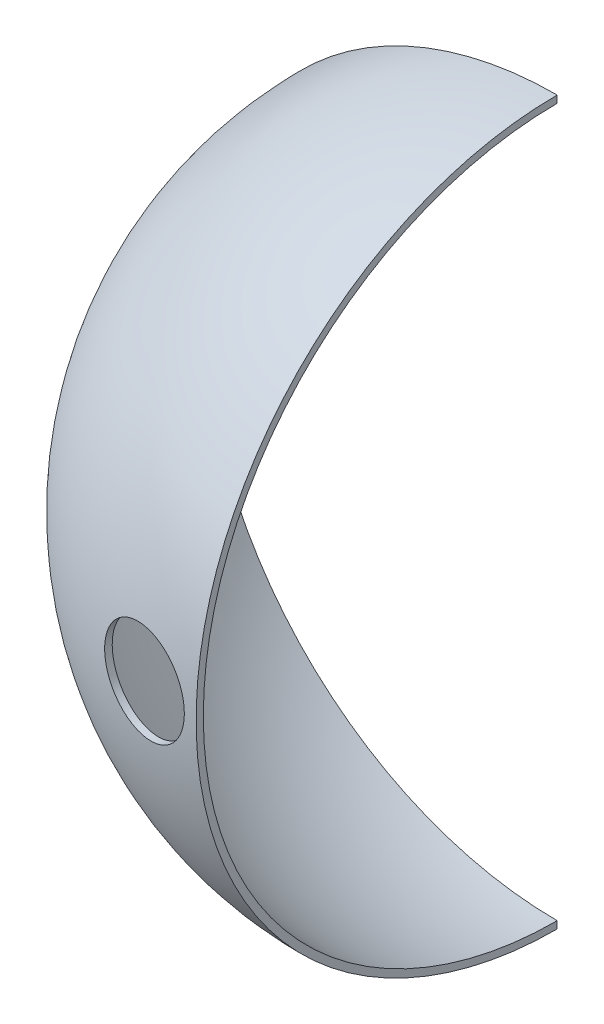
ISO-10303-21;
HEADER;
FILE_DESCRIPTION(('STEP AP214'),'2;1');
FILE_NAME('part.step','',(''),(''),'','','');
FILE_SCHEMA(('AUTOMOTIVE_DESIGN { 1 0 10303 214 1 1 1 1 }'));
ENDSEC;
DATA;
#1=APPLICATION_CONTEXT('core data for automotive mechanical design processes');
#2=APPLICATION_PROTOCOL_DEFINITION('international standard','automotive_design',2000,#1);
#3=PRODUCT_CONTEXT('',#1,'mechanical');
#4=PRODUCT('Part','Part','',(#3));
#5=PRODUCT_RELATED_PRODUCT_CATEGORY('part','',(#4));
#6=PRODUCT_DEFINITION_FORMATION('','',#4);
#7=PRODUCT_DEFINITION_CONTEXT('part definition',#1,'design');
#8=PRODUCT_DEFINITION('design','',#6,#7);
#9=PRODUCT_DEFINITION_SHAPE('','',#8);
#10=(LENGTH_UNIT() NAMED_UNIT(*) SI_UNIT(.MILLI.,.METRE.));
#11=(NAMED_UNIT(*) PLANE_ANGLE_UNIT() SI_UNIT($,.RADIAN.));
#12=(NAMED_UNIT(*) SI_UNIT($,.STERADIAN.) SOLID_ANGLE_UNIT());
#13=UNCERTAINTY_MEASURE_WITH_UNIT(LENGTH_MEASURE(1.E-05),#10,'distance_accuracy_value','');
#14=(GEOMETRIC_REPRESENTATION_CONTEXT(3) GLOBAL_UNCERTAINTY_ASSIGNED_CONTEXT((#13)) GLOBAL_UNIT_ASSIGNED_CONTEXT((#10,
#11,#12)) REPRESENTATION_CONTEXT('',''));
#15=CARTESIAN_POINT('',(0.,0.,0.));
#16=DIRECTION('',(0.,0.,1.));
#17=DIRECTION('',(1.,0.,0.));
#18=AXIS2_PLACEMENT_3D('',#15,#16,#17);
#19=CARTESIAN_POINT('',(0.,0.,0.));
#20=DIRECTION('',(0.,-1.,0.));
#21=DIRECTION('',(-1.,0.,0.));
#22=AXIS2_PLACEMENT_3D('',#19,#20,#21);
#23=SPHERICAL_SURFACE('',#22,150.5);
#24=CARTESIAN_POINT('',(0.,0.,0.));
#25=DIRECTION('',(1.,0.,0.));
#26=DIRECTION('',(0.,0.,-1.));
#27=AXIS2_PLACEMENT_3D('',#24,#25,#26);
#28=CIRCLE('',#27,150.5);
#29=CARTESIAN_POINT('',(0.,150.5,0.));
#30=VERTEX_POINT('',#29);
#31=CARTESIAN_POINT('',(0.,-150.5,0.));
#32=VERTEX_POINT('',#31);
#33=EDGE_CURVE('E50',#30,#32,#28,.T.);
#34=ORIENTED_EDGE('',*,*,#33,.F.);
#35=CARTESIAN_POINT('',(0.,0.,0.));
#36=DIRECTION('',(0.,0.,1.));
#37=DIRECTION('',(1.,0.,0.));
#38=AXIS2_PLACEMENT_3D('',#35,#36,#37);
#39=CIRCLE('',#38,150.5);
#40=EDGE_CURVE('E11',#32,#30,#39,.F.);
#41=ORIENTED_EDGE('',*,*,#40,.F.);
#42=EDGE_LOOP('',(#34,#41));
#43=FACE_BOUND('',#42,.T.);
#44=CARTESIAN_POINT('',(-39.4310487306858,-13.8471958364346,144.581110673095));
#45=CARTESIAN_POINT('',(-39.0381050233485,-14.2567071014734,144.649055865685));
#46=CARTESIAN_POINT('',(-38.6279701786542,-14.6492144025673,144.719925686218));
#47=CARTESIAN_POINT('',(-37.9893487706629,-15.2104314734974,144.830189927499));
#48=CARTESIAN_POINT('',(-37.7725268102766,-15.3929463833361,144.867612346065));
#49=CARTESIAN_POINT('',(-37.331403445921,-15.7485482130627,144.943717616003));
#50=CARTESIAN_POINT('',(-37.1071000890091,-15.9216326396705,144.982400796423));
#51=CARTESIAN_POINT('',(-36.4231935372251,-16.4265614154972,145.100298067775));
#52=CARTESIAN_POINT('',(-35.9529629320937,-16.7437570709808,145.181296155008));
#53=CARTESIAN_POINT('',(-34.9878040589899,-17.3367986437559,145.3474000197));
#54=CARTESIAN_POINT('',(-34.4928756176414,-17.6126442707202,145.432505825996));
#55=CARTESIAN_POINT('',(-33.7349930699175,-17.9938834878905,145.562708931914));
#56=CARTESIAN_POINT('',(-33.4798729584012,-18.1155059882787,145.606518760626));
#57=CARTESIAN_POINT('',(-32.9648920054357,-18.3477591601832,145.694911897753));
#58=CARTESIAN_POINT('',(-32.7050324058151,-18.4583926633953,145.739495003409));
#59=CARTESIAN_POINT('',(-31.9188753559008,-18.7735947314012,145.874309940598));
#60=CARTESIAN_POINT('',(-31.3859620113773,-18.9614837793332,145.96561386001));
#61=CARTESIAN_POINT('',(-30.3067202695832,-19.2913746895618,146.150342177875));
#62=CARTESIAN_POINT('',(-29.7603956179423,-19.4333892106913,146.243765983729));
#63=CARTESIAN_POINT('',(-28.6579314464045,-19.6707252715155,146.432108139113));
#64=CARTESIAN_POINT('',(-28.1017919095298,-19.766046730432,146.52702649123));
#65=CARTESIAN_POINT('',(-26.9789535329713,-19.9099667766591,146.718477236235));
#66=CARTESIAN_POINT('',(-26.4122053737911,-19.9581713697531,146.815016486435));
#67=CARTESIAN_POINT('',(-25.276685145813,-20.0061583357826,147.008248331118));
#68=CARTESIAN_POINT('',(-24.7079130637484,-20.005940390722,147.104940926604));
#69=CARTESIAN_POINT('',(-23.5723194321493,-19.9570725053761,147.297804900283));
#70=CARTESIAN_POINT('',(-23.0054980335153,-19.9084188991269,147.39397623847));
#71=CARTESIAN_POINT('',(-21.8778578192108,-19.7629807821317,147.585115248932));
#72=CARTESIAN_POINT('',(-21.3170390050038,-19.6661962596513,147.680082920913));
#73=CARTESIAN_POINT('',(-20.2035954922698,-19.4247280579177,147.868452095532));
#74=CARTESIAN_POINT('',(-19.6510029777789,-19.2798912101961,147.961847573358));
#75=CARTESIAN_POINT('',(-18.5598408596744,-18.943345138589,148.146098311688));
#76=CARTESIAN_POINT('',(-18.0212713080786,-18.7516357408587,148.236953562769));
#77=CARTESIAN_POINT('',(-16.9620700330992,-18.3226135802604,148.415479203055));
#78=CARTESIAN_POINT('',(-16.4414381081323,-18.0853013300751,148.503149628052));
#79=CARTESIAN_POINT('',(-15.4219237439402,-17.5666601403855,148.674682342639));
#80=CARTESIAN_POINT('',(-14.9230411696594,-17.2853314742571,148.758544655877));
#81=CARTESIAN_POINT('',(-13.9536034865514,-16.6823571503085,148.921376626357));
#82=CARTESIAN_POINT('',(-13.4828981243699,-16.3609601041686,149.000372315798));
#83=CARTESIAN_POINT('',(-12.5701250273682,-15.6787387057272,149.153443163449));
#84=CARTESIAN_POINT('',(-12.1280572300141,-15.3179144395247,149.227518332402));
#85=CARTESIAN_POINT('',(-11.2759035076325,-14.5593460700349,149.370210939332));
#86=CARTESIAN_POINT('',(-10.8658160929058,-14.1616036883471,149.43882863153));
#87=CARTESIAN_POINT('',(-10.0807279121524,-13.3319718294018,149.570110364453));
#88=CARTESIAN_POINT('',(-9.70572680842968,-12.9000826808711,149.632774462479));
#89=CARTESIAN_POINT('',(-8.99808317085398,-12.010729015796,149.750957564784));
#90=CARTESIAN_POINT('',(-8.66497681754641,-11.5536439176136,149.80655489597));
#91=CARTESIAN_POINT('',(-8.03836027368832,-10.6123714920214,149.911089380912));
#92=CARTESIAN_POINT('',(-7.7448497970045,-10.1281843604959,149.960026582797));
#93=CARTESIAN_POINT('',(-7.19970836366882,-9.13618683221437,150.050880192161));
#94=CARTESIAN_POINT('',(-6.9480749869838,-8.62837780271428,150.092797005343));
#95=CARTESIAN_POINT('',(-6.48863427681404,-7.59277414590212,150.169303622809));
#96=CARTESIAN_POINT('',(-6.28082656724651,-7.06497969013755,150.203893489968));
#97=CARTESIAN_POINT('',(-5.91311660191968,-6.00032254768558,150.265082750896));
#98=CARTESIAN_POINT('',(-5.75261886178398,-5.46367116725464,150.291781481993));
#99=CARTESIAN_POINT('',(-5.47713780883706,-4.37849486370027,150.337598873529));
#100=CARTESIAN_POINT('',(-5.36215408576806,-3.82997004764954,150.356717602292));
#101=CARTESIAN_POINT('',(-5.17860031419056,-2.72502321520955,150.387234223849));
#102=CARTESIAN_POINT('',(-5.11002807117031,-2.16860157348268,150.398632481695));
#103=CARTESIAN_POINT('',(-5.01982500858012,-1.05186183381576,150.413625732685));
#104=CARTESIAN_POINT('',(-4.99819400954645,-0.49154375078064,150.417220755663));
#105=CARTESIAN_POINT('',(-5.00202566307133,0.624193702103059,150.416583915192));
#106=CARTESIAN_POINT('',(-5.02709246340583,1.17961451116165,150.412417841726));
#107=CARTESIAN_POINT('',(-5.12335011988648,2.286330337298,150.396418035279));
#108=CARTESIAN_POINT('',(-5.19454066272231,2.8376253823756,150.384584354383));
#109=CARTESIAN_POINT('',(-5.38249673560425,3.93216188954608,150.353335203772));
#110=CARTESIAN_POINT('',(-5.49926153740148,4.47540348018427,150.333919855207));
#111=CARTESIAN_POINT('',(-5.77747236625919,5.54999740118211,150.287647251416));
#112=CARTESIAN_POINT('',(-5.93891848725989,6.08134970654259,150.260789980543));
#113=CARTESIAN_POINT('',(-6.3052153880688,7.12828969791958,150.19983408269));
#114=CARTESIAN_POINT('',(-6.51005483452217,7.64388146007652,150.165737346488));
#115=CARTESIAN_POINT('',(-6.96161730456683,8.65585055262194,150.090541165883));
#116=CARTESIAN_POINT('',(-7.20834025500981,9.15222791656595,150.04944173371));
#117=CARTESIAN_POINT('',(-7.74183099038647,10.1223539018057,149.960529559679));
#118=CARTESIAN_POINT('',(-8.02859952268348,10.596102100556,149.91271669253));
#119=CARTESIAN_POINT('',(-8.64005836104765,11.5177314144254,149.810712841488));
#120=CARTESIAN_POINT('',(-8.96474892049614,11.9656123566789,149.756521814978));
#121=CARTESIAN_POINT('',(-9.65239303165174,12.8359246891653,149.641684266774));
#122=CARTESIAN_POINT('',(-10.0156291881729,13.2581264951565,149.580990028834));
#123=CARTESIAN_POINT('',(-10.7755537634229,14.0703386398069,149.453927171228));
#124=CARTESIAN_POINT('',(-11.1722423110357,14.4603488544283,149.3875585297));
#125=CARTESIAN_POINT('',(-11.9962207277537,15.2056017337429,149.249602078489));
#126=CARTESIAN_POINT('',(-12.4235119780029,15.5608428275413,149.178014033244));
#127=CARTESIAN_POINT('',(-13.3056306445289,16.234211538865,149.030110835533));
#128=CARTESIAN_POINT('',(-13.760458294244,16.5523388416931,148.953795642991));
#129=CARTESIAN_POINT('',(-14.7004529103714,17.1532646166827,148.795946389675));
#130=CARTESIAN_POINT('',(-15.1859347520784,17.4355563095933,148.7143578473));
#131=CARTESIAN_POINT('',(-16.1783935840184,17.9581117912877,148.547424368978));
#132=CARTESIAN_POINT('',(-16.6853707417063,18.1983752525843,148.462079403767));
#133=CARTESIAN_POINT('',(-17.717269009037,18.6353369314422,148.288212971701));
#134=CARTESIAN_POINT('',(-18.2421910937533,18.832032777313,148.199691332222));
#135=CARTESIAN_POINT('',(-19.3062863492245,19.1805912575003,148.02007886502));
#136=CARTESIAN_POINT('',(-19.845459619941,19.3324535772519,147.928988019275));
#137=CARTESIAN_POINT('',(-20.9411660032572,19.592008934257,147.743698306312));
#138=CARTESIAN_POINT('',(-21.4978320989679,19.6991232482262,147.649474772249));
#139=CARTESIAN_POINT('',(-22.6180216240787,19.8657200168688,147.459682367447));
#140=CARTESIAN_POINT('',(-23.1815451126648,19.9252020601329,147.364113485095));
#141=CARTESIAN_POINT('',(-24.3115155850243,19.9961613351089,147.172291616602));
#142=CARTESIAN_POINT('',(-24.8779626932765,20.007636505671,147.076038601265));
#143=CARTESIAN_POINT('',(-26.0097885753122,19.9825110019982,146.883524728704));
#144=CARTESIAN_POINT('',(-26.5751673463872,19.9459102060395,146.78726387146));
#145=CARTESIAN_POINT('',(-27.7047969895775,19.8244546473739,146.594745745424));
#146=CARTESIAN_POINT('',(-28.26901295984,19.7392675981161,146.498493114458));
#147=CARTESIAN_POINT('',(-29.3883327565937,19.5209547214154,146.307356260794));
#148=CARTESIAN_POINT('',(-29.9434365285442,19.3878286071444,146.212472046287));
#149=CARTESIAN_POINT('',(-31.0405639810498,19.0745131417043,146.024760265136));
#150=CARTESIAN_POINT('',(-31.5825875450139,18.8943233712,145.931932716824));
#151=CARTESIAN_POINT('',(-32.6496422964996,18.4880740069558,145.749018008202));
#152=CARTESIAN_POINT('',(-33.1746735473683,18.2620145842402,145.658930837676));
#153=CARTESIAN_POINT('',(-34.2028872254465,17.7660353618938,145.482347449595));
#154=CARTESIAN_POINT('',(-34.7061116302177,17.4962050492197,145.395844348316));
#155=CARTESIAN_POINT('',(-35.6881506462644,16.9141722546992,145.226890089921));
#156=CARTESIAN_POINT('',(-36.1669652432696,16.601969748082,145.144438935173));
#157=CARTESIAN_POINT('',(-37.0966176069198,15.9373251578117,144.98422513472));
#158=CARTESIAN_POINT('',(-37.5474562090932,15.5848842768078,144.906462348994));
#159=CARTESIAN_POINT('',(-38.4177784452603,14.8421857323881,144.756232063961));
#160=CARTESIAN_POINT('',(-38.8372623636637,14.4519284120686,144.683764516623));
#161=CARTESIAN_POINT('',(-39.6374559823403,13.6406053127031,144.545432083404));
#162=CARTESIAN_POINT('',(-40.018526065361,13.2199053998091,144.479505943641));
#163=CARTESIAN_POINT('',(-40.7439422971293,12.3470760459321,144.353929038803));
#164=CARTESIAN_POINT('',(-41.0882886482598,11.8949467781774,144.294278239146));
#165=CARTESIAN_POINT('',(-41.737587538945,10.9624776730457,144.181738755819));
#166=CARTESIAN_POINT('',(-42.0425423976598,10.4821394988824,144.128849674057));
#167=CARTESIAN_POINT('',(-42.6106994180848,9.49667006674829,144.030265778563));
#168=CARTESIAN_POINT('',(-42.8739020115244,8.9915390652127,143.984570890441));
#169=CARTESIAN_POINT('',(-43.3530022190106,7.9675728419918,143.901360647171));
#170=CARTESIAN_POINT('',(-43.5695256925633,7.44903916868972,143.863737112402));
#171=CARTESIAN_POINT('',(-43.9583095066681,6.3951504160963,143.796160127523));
┄┄┄┄┄┄┄┄┄┄
◆ EXERCISE DETAILS: Reproduce exactly the lines of the records above from the one with "#38=AXIS2_PLACEMENT_3D('',#35,#36,#37);" to the one with "#43=FACE_BOUND('',#42,.T.);", both included, and leave out everything else.

◆ TASK RESULT:
#38=AXIS2_PLACEMENT_3D('',#35,#36,#37);
#39=CIRCLE('',#38,150.5);
#40=EDGE_CURVE('E11',#32,#30,#39,.F.);
#41=ORIENTED_EDGE('',*,*,#40,.F.);
#42=EDGE_LOOP('',(#34,#41));
#43=FACE_BOUND('',#42,.T.);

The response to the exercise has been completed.